And the knowledge that we don't control our children is also something we're
looking at, on a philosophical level.

To be honest, I keep thinking about Charlie Stross and his corporate charters
written in Python, then reminding myself that is not yet a practicable plan.

------
sova
Training seven or more people to "carry the baton of culture" once core
leadership is gone. Making sure they keep their kinetic cultural fire going,
so-to-speak.

That and getting more artists into the mix. Also, having a good corporate
slogan can help. I think if your company contributes knowingly to the greater
good, and you make that a core foundation of your company culture, it can last
far beyond one person's contributions.

------
dbrunton
You can do it! Have a mission.

Imagine a kid dribbling a basketball along the baseline, while staring
intently out-of-bounds. "What are you doing, kid?" "Making sure I don't go
over the line!" Coach tells the kid to focus instead on moving toward the
goal.

It's definitely possible to do well while doing good, but in order for that to
happen, you really need to focus on what the good is, not on not-evil.

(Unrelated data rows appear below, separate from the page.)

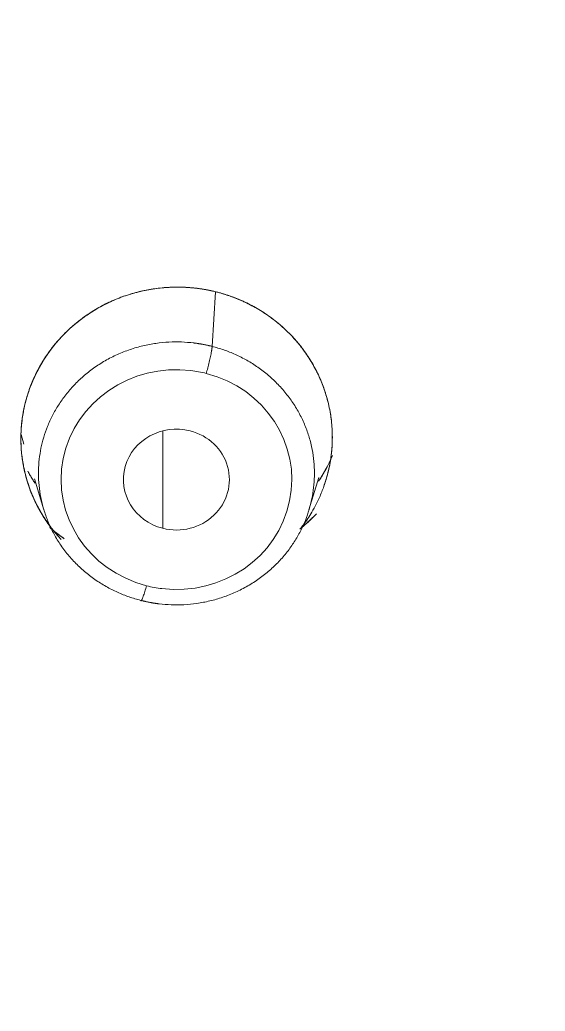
# Model space of a CAD drawing. Extents: x 6453 to 7582, y 0 to 827.
# Drawn here: x 6962.02 to 6968.97, y 500.61 to 513.73 of the extents above; entities that cross this region are included whole.
import ezdxf

# ---------------------------------------------------------------- set-up
doc = ezdxf.new("R2010")
doc.units = 0
doc.header["$LTSCALE"] = 30
doc.header["$MEASUREMENT"] = 0
doc.linetypes.add('HIDDEN2', pattern=[4.7625, 3.175, -1.5875])
doc.layers.add('1', color=7, linetype='CONTINUOUS')
doc.layers.add('2', color=1, linetype='HIDDEN2')

msp = doc.modelspace()

# ---------------------------------------------------------------- linework, layer by layer
at = {"layer": '1', "color": 7, "linetype": 'Continuous', "lineweight": 13}
for p, q in [((6964.608, 510.128), (6964.565, 509.406)), ((6963.911, 506.999), (6963.911, 508.289))]:
    msp.add_line(p, q, dxfattribs=at)
at = {"layer": '1', "color": 7, "linetype": 'Continuous', "lineweight": 18}
for p, q in [((6962.039, 508.239), (6962.077, 508.114)), ((6962.12, 507.626), (6962.124, 507.612)), ((6962.216, 507.655), (6962.34, 507.243)), ((6965.845, 507.243), (6965.974, 507.67))]:
    msp.add_line(p, q, dxfattribs=at)
for centre, major_axis, start_param, end_param in [((6959.952, 496.519), (-59.628, 0), 3.141593, 6.283185), ((6959.952, 496.519), (-59.628, 0), 3.141593, 6.274276), ((6964.093, 507.644), (-0.7, 0), 4.45059, 7.592182), ((6964.093, 507.644), (-0.7, 0), 1.308997, 4.45059)]:
    msp.add_ellipse(centre, major_axis=major_axis, ratio=0.953717, start_param=start_param, end_param=end_param, dxfattribs=at)
at = {"layer": '1', "color": 7, "linetype": 'Continuous', "lineweight": 13}
for start_param, end_param in [(4.586715, 7.592182), (1.445123, 4.45059), (4.45059, 4.586715), (1.308997, 1.445123)]:
    msp.add_ellipse((6964.093, 507.644), major_axis=(-1.525, 0), ratio=0.953717, start_param=start_param, end_param=end_param, dxfattribs=at)
at = {"layer": '1', "color": 7, "linetype": 'Continuous', "lineweight": 18}
for points, knots in [([(6962.419, 439.668), (6962.999, 439.691), (6964.676, 439.78), (6967.443, 440.04), (6970.703, 440.52), (6973.93, 441.172), (6977.115, 441.992), (6980.248, 442.979), (6983.318, 444.129), (6986.318, 445.439), (6989.237, 446.905), (6992.067, 448.523), (6994.799, 450.287), (6997.425, 452.192), (6999.937, 454.232), (7002.327, 456.402), (7004.588, 458.694), (7006.713, 461.101), (7008.695, 463.617), (7010.529, 466.233), (7012.208, 468.942), (7013.729, 471.735), (7015.085, 474.604), (7016.274, 477.54), (7017.291, 480.534), (7018.133, 483.576), (7018.799, 486.659), (7019.284, 489.772), (7019.59, 492.905), (7019.713, 496.05), (7019.655, 499.196), (7019.414, 502.335), (7018.993, 505.456), (7018.391, 508.55), (7017.612, 511.608), (7016.657, 514.62), (7015.53, 517.578), (7014.233, 520.471), (7012.77, 523.292), (7011.147, 526.031), (7009.368, 528.681), (7007.439, 531.234), (7005.364, 533.681), (7003.152, 536.015), (7000.807, 538.229), (6998.339, 540.316), (6995.753, 542.27), (6993.058, 544.085), (6990.263, 545.755), (6987.375, 547.276), (6984.403, 548.643), (6981.357, 549.85), (6978.245, 550.896), (6975.078, 551.776), (6971.865, 552.489), (6968.616, 553.031), (6965.34, 553.401), (6962.047, 553.598), (6958.749, 553.622), (6955.453, 553.471), (6952.172, 553.148), (6948.914, 552.652), (6945.69, 551.986), (6942.51, 551.151), (6939.382, 550.149), (6936.317, 548.985), (6933.324, 547.661), (6930.413, 546.181), (6927.591, 544.551), (6924.868, 542.774), (6922.252, 540.857), (6919.75, 538.805), (6917.371, 536.624), (6915.122, 534.322), (6913.01, 531.904), (6911.04, 529.379), (6909.22, 526.755), (6907.554, 524.038), (6906.048, 521.238), (6904.706, 518.363), (6903.532, 515.422), (6902.531, 512.423), (6901.704, 509.377), (6901.055, 506.291), (6900.585, 503.176), (6900.295, 500.041), (6900.188, 496.896), (6900.263, 493.75), (6900.519, 490.612), (6900.956, 487.493), (6901.573, 484.402), (6902.368, 481.348), (6903.339, 478.34), (6904.481, 475.388), (6905.793, 472.5), (6907.27, 469.686), (6908.907, 466.954), (6910.699, 464.313), (6912.642, 461.769), (6914.729, 459.332), (6916.953, 457.008), (6919.309, 454.805), (6921.788, 452.73), (6924.384, 450.788), (6927.088, 448.985), (6929.892, 447.328), (6932.788, 445.82), (6935.766, 444.468), (6938.818, 443.274), (6941.935, 442.243), (6945.107, 441.377), (6948.323, 440.68), (6951.575, 440.153), (6954.634, 439.822), (6956.606, 439.702), (6957.484, 439.668)], [0, 0, 0, 0, 0.004702, 0.013606, 0.022511, 0.031416, 0.040321, 0.049226, 0.058131, 0.067035, 0.07594, 0.084844, 0.093748, 0.102652, 0.111556, 0.120459, 0.129362, 0.138265, 0.147168, 0.15607, 0.164972, 0.173874, 0.182775, 0.191676, 0.200577, 0.209478, 0.218378, 0.227279, 0.236179, 0.245079, 0.253978, 0.262878, 0.271778, 0.280678, 0.289578, 0.298478, 0.307379, 0.316279, 0.32518, 0.334081, 0.342982, 0.351884, 0.360785, 0.369687, 0.37859, 0.387493, 0.396396, 0.405299, 0.414202, 0.423106, 0.43201, 0.440914, 0.449818, 0.458723, 0.467628, 0.476532, 0.485437, 0.494342, 0.503247, 0.512152, 0.521057, 0.529962, 0.538867, 0.547772, 0.556677, 0.565582, 0.574486, 0.583391, 0.592295, 0.601199, 0.610103, 0.619007, 0.62791, 0.636813, 0.645716, 0.654619, 0.663521, 0.672423, 0.681325, 0.690226, 0.699127, 0.708028, 0.716929, 0.725829, 0.734729, 0.743629, 0.752529, 0.761429, 0.770329, 0.779229, 0.788129, 0.797029, 0.805929, 0.814829, 0.82373, 0.832631, 0.841532, 0.850433, 0.859334, 0.868236, 0.877138, 0.886041, 0.894944, 0.903847, 0.91275, 0.921653, 0.930557, 0.939461, 0.948365, 0.95727, 0.966174, 0.975079, 0.983983, 0.992888, 1, 1, 1, 1]), ([(6995.778, 451.033), (6996.33, 451.416), (6997.748, 452.443), (6999.935, 454.234), (7002.327, 456.401), (7004.588, 458.694), (7006.713, 461.101), (7008.695, 463.617), (7010.529, 466.233), (7012.208, 468.942), (7013.729, 471.735), (7015.085, 474.604), (7016.274, 477.54), (7017.291, 480.534), (7018.133, 483.576), (7018.799, 486.659), (7019.284, 489.772), (7019.59, 492.905), (7019.713, 496.05), (7019.655, 499.196), (7019.414, 502.335), (7018.993, 505.456), (7018.391, 508.55), (7017.612, 511.608), (7016.657, 514.62), (7015.53, 517.578), (7014.233, 520.471), (7012.77, 523.292), (7011.147, 526.031), (7009.368, 528.681), (7007.439, 531.234), (7005.364, 533.681), (7003.152, 536.015), (7000.807, 538.229), (6998.339, 540.316), (6995.753, 542.27), (6993.058, 544.085), (6990.263, 545.755), (6987.375, 547.276), (6984.403, 548.643), (6981.357, 549.85), (6978.245, 550.896), (6975.078, 551.776), (6971.865, 552.489), (6968.616, 553.031), (6965.34, 553.401), (6962.047, 553.598), (6958.749, 553.622), (6955.453, 553.471), (6952.172, 553.148), (6948.914, 552.652), (6945.69, 551.986), (6942.51, 551.151), (6939.382, 550.149), (6936.317, 548.985), (6933.324, 547.661), (6930.413, 546.181), (6927.591, 544.551), (6924.868, 542.774), (6922.252, 540.857), (6919.75, 538.805), (6917.371, 536.624), (6915.122, 534.322), (6913.01, 531.904), (6911.04, 529.379), (6909.22, 526.755), (6907.554, 524.038), (6906.048, 521.238), (6904.706, 518.363), (6903.532, 515.422), (6902.531, 512.423), (6901.704, 509.377), (6901.055, 506.291), (6900.585, 503.176), (6900.295, 500.041), (6900.188, 496.896), (6900.263, 493.75), (6900.519, 490.612), (6900.956, 487.493), (6901.573, 484.402), (6902.368, 481.348), (6903.339, 478.34), (6904.481, 475.388), (6905.793, 472.5), (6907.27, 469.686), (6908.907, 466.954), (6910.699, 464.313), (6912.642, 461.769), (6914.729, 459.332), (6916.954, 457.009), (6919.307, 454.804), (6921.793, 452.736), (6923.685, 451.284), (6924.774, 450.56), (6924.962, 450.437)], [0, 0, 0, 0, 0.006833, 0.017845, 0.028856, 0.039868, 0.050878, 0.061889, 0.072899, 0.083908, 0.094918, 0.105926, 0.116935, 0.127943, 0.138951, 0.149959, 0.160966, 0.171973, 0.18298, 0.193987, 0.204994, 0.216001, 0.227008, 0.238016, 0.249023, 0.26003, 0.271038, 0.282046, 0.293055, 0.304063, 0.315072, 0.326082, 0.337091, 0.348102, 0.359112, 0.370123, 0.381134, 0.392146, 0.403157, 0.414169, 0.425182, 0.436194, 0.447207, 0.45822, 0.469233, 0.480246, 0.491259, 0.502272, 0.513286, 0.524299, 0.535313, 0.546326, 0.557339, 0.568352, 0.579365, 0.590378, 0.601391, 0.612403, 0.623416, 0.634428, 0.645439, 0.656451, 0.667462, 0.678472, 0.689483, 0.700493, 0.711502, 0.722512, 0.73352, 0.744529, 0.755537, 0.766545, 0.777553, 0.78856, 0.799567, 0.810574, 0.821581, 0.832588, 0.843595, 0.854602, 0.865609, 0.876617, 0.887624, 0.898632, 0.90964, 0.920649, 0.931657, 0.942666, 0.953676, 0.964686, 0.975696, 0.986706, 0.997717, 1, 1, 1, 1]), ([(6962.568, 506.852), (6962.532, 506.891), (6962.456, 506.979), (6962.351, 507.124), (6962.256, 507.285), (6962.176, 507.457), (6962.113, 507.636), (6962.068, 507.823), (6962.041, 508.018), (6962.035, 508.194), (6962.042, 508.35), (6962.058, 508.483), (6962.088, 508.638), (6962.137, 508.812), (6962.212, 509.001), (6962.307, 509.182), (6962.419, 509.352), (6962.548, 509.51), (6962.691, 509.653), (6962.849, 509.782), (6963.02, 509.896), (6963.202, 509.993), (6963.394, 510.072), (6963.593, 510.131), (6963.764, 510.165), (6963.903, 510.182), (6964.007, 510.189), (6964.112, 510.191), (6964.196, 510.189), (6964.258, 510.185), (6964.3, 510.181), (6964.341, 510.177), (6964.383, 510.172), (6964.424, 510.166), (6964.465, 510.16), (6964.506, 510.152), (6964.547, 510.144), (6964.587, 510.135), (6964.614, 510.128), (6964.628, 510.125)], [0, 0, 0, 0, 0.030953, 0.067034, 0.103759, 0.140335, 0.177135, 0.214531, 0.253091, 0.292072, 0.31808, 0.344269, 0.370762, 0.410024, 0.449806, 0.489046, 0.528748, 0.567583, 0.606668, 0.645326, 0.68439, 0.723789, 0.76295, 0.802209, 0.841893, 0.861732, 0.881514, 0.901279, 0.921062, 0.928969, 0.936867, 0.944758, 0.952645, 0.96053, 0.968415, 0.976302, 0.984194, 0.992092, 1, 1, 1, 1]), ([(6962.568, 506.852), (6962.532, 506.891), (6962.456, 506.979), (6962.351, 507.124), (6962.256, 507.285), (6962.176, 507.457), (6962.113, 507.636), (6962.068, 507.823), (6962.041, 508.018), (6962.035, 508.194), (6962.042, 508.35), (6962.058, 508.483), (6962.088, 508.638), (6962.137, 508.812), (6962.212, 509.001), (6962.307, 509.182), (6962.419, 509.352), (6962.548, 509.51), (6962.691, 509.653), (6962.849, 509.782), (6963.02, 509.896), (6963.202, 509.993), (6963.394, 510.072), (6963.593, 510.131), (6963.764, 510.165), (6963.903, 510.182), (6964.007, 510.189), (6964.112, 510.191), (6964.196, 510.189), (6964.258, 510.185), (6964.3, 510.181), (6964.341, 510.177), (6964.383, 510.172), (6964.424, 510.166), (6964.465, 510.16), (6964.506, 510.152), (6964.547, 510.144), (6964.587, 510.135), (6964.614, 510.128), (6964.628, 510.125)], [0, 0, 0, 0, 0.030953, 0.067034, 0.103759, 0.140335, 0.177135, 0.214531, 0.253091, 0.292072, 0.31808, 0.344269, 0.370762, 0.410024, 0.449806, 0.489046, 0.528748, 0.567583, 0.606668, 0.645326, 0.68439, 0.723789, 0.76295, 0.802209, 0.841893, 0.861732, 0.881514, 0.901279, 0.921062, 0.928969, 0.936867, 0.944758, 0.952645, 0.96053, 0.968415, 0.976302, 0.984194, 0.992092, 1, 1, 1, 1]), ([(6964.628, 510.125), (6964.62, 510.126), (6964.605, 510.13), (6964.583, 510.136), (6964.56, 510.141), (6964.538, 510.146), (6964.515, 510.15), (6964.492, 510.155), (6964.469, 510.159), (6964.446, 510.163), (6964.423, 510.166), (6964.4, 510.17), (6964.377, 510.173), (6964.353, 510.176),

It may
require a suspension of your belief that the two are in tension; Kierkegaard
might call this a "teleological suspension of the ethical."

I think a great example of this is news organizations (there is also a warning
there, I suppose). The focus isn't "maximize shareholder value while hopefully
not forgetting about news" (well, again, a warning). The focus is "truth at
all costs" and the profit is a thing that inevitably happens by running it as
a business.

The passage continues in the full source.